Liverpool in 2008: commemorating an amazing adventure.
A bright hard sunlight lit the Liver building in Liverpool on Saturday. It was weirdly hot, people had pulled out their summer clothes to give them one last airing, and the Albert Docks were thronging with people.
I went to the quayside and looked at the Mersey and tried to imagine how it must have been in 1865 - dirtier, probably - in one version of my book (there have been so many) there was this describing the short trip out onto the Mersey for a group of Welsh colonists bound for Patagonia on a ship called the Mimosa...
Silas listens to the oars plopping into the water again and again - each stroke is taking them away from everything he knows. Soon they will have gone too far to come back: he remembers his mother clutching at him, making him promise that he will write, his sister kissing him hard on the cheek. Already it seems a different world, and yet they are just across the river, one stretch of land and then another, not very far.I think that particular passage has been edited out of my novel now. Ah, I have written so many words, and have got rid of so many too, and now I am beginning to edit again. The final one, I hope.
‘Look, Dadda!’ All at once the ship is looming large and close beside them. wood scrapes against wood, and the ship is like a wall, the only escape up a ladder, one after the other, passing children, bags over onto the deck, until they are all aboard and the deck sways beneath their feet and the boat moves away back to shore. They look at each other and smile. The air is clearer here, cooler and fresher.
‘It’s starting,’ Jacob says, hugging himself, ‘our great adventure.'
I had come to Liverpool to visit the Merseyside Maritime Museum. More people migrated from Liverpool than from any other port in the world. From here they went to Australia, New Zealand, Canada and of course the United States. There is a marvellous permanent exhibition on this, including a place that (I think) rocks like the deck of the ship. When I was researching my novel I came here a few times. I imagined myself being in the hold of the Mimosa, recently converted for its passengers from its usual cargo of tea.

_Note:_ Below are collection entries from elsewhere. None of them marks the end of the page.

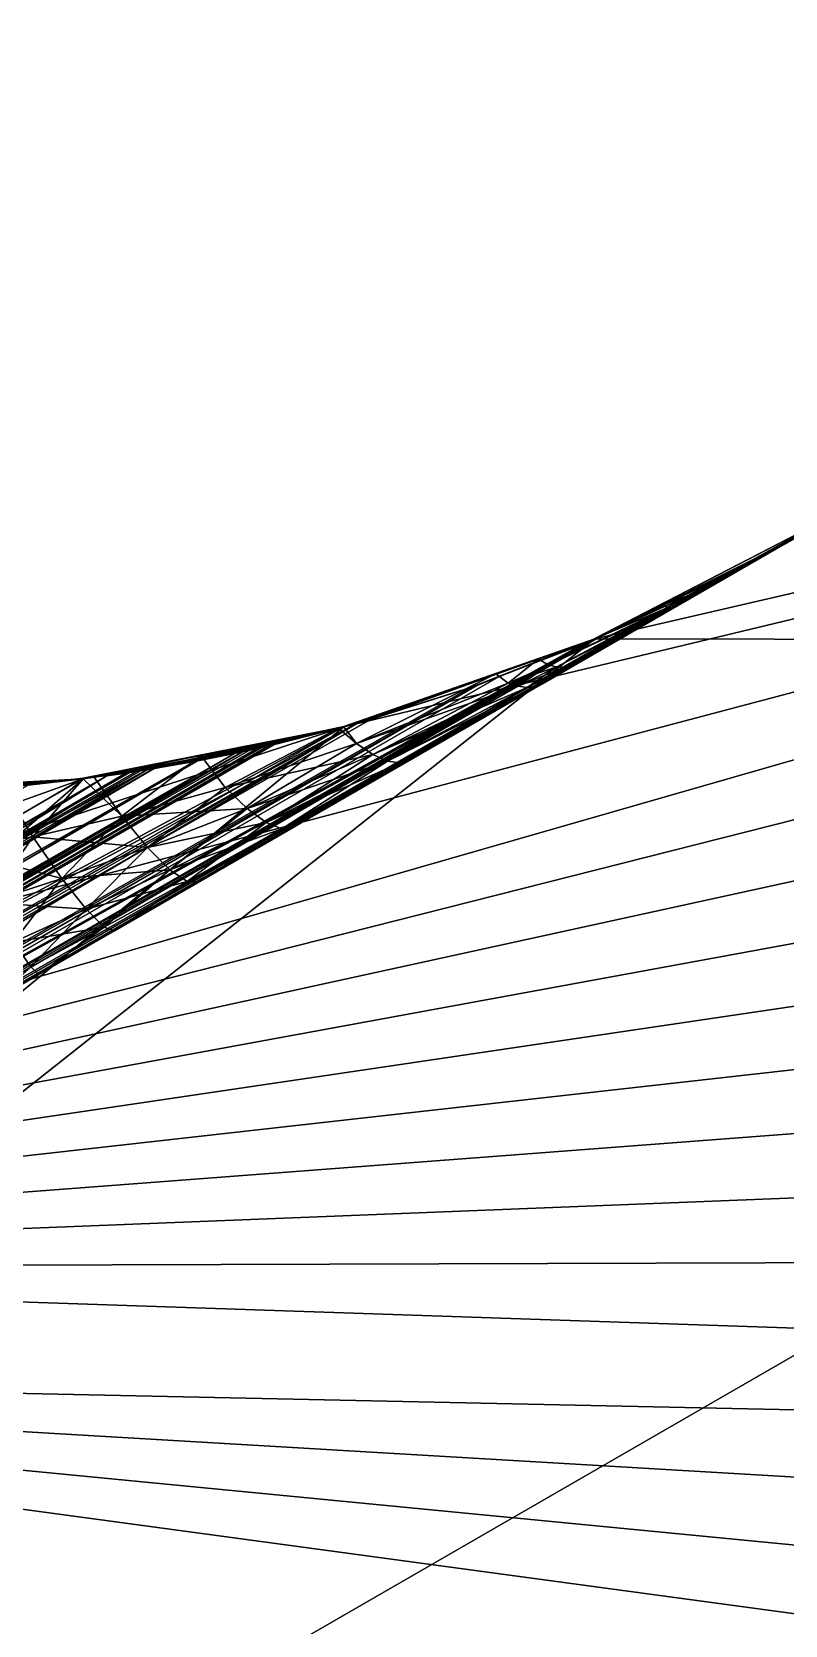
# Model space of a CAD drawing. Header units: metres. Extents: x -44.6 to 35.4, y -44.1 to 26.9.
# Drawn here: x -4.316 to -2.72, y 10.443 to 13.821 of the extents above; entities that cross this region are included whole.
import ezdxf

# ---------------------------------------------------------------- set-up
doc = ezdxf.new("R2010")
doc.units = ezdxf.units.M

msp = doc.modelspace()

# ---------------------------------------------------------------- linework, layer by layer
for points in [[(-3.654488, 12.347116, 123.214554), (-6.478465, 11.4214, 123.214554), (3.620629, 14.095225, 123.214554)], [(3.620629, 14.095225, 123.214554), (-6.478465, 11.4214, 123.214554), (-6.451591, 11.199994, 123.214554)], [(-6.451591, 11.199994, 123.214554), (4.546967, 13.988694, 123.214554), (3.620629, 14.095225, 123.214554)], [(3.620629, 14.095225, 123.214554), (-3.122755, 12.533741, 123.214554), (-3.654488, 12.347116, 123.214554)], [(-2.622526, 12.793239, 123.214554), (-3.122755, 12.533741, 123.214554), (3.620629, 14.095225, 123.214554)], [(5.461629, 13.807467, 123.214554), (4.546967, 13.988694, 123.214554), (-6.451591, 11.199994, 123.214554)], [(-22.577843, -0.467835, 108.3573), (-22.580578, -0.463096, 108.214554), (5.438054, 13.813114, 108.214554)], [(5.438054, 13.813114, 108.214554), (-22.580578, -0.463096, 108.214554), (-22.560772, -0.497401, 107.181145)], [(-22.560772, -0.497401, 109.247971), (-22.577843, -0.467835, 108.3573), (5.438054, 13.813114, 108.214554)], [(-22.560772, -0.497401, 107.181145), (5.443946, 13.811707, 107.909195), (5.438054, 13.813114, 108.214554)], [(5.438054, 13.813114, 108.214554), (5.443955, 13.811706, 108.520149), (-22.560772, -0.497401, 109.247971)], [(5.461628, 13.807467, 107.603607), (5.443946, 13.811707, 107.909195), (-22.560772, -0.497401, 107.181145)], [(-22.560772, -0.497401, 109.247971), (5.443955, 13.811706, 108.520149), (5.461628, 13.807467, 108.825508)], [(-22.560772, -0.497401, 107.181145), (5.489996, 13.800603, 107.307281), (5.461628, 13.807467, 107.603607)], [(5.461628, 13.807467, 108.825508), (5.489996, 13.800603, 109.121834), (-22.560772, -0.497401, 109.247971)], [(-22.501471, -0.600114, 110.275322), (-22.560772, -0.497401, 109.247971), (5.489996, 13.800603, 109.121834)], [(5.489996, 13.800603, 107.307281), (-22.560772, -0.497401, 107.181145), (-22.501471, -0.600114, 106.153793)], [(-22.501471, -0.600114, 106.153793), (5.554471, 13.784718, 106.854912), (5.489996, 13.800603, 107.307281)], [(5.489996, 13.800603, 109.121834), (5.554235, 13.784776, 109.572815), (-22.501471, -0.600114, 110.275322)], [(5.554235, 13.784776, 109.572815), (5.643419, 13.762151, 110.022881), (-22.501471, -0.600114, 110.275322)], [(-22.501471, -0.600114, 106.153793), (5.643419, 13.762151, 106.406235), (5.554471, 13.784718, 106.854912)], [(-6.451591, 11.199994, 123.214554), (6.358602, 13.552733, 123.214554), (5.461629, 13.807467, 123.214554)], [(-22.403023, -0.770632, 111.290581), (-22.501471, -0.600114, 110.275322), (5.643419, 13.762151, 110.022881)], [(5.643419, 13.762151, 106.406235), (-22.501471, -0.600114, 106.153793), (-22.403023, -0.770632, 105.138535)], [(-22.403023, -0.770632, 105.138535), (5.756793, 13.732289, 105.957855), (5.643419, 13.762151, 106.406235)], [(5.643419, 13.762151, 110.022881), (5.756929, 13.732252, 110.471748), (-22.403023, -0.770632, 111.290581)], [(-22.403023, -0.770632, 105.138535), (5.891508, 13.695191, 105.517509), (5.756793, 13.732289, 105.957855)], [(5.756929, 13.732252, 110.471748), (5.891508, 13.695191, 110.911598), (-22.403023, -0.770632, 111.290581)], [(0.918845, 10.932149, 104.713608), (5.891508, 13.695191, 105.517509), (-22.403023, -0.770632, 105.138535)], [(-22.266003, -1.007955, 112.287781), (-22.403023, -0.770632, 111.290581), (5.891508, 13.695191, 110.911598)], [(5.891508, 13.695191, 110.911598), (6.048522, 13.649718, 111.350967), (-22.266003, -1.007955, 112.287781)], [(6.048522, 13.649718, 111.350967), (6.224067, 13.595994, 111.782181), (-22.266003, -1.007955, 112.287781)], [(-22.091219, -1.31069, 113.261086), (-22.266003, -1.007955, 112.287781), (6.224067, 13.595994, 111.782181)], [(6.224067, 13.595994, 111.782181), (6.358602, 13.552733, 112.082466), (-22.091219, -1.31069, 113.261086)], [(6.358602, 13.552733, 112.082466), (6.628825, 13.460273, 112.629128), (-22.091219, -1.31069, 113.261086)], [(7.231989, 13.226169, 123.214554), (6.358602, 13.552733, 123.214554), (-6.451591, 11.199994, 123.214554)], [(-9.710501, 4.632643, 113.839844), (-22.091219, -1.31069, 113.261086), (6.628825, 13.460273, 112.629128)], [(6.628825, 13.460273, 112.629128), (-9.495172, 4.737012, 113.846657), (-9.710501, 4.632643, 113.839844)], [(-9.190594, 4.875366, 113.873047), (-9.495172, 4.737012, 113.846657), (6.628825, 13.460273, 112.629128)], [(6.628825, 13.460273, 112.629128), (6.854918, 13.377084, 113.043434), (-9.190594, 4.875366, 113.873047)], [(6.854918, 13.377084, 113.043434), (7.092645, 13.283742, 113.44735), (-9.190594, 4.875366, 113.873047)], [(-8.905066, 4.995535, 113.914627), (-9.190594, 4.875366, 113.873047), (7.092645, 13.283742, 113.44735)], [(7.092645, 13.283742, 113.44735), (-8.619575, 5.106784, 113.971428), (-8.905066, 4.995535, 113.914627)], [(7.092645, 13.283742, 113.44735), (-8.168309, 5.265124, 114.089554), (-8.619575, 5.106784, 113.971428)], [(-7.716433, 5.402987, 114.238724), (-8.168309, 5.265124, 114.089554), (7.092645, 13.283742, 113.44735)], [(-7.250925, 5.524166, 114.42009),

The event I had come to see was on the top floor. Here I found a room crowded with people speaking Welsh - members of the Liverpool Welsh Society. At least some of these people are the descendants of the people that were responsible for organising the migration of the Patagonian colonists and raising money and interest. There were several speakers: the head curator of the Museum, Dr Alan Scarth; the writer Susan Wilkinson; the model-maker, Tony Fancy;
the archivist, Bruno Derrick, and another writer, Elvey McDonald.
Elvey has written this book on the emigration, 'Yr Hirdaith' which I had hoped my father would translate for me, because it is in Welsh (but sadly he has never felt well enough to get round to it). I am assured it is excellent, which makes it even more aggravating that I have never been able to read it.
Then, at last, came the moment we had been waiting for: the unveiling of this accurate model of the Mimosa by Mrs Elan Jones (pictured here together with the chairman of the Merseyside Welsh Heritage Society, Dr D Ben Rees, and Tony Fancy).
Elvey McDonald, like Elan Jones, was born in Patagonia and now lives on the West coast of Wales. I like this picture of two of his grandchildren looking at the model.
And, talking of books, here is Susan Wilkinson, who is related to the Irish doctor who accompanied the colonists to Patagonia. There is an interview with Susan and a short review of the book here.
The day finished well: Susan and I went to a cafe and had a very long chat about Patagonia, research and writing, which I enjoyed very much indeed.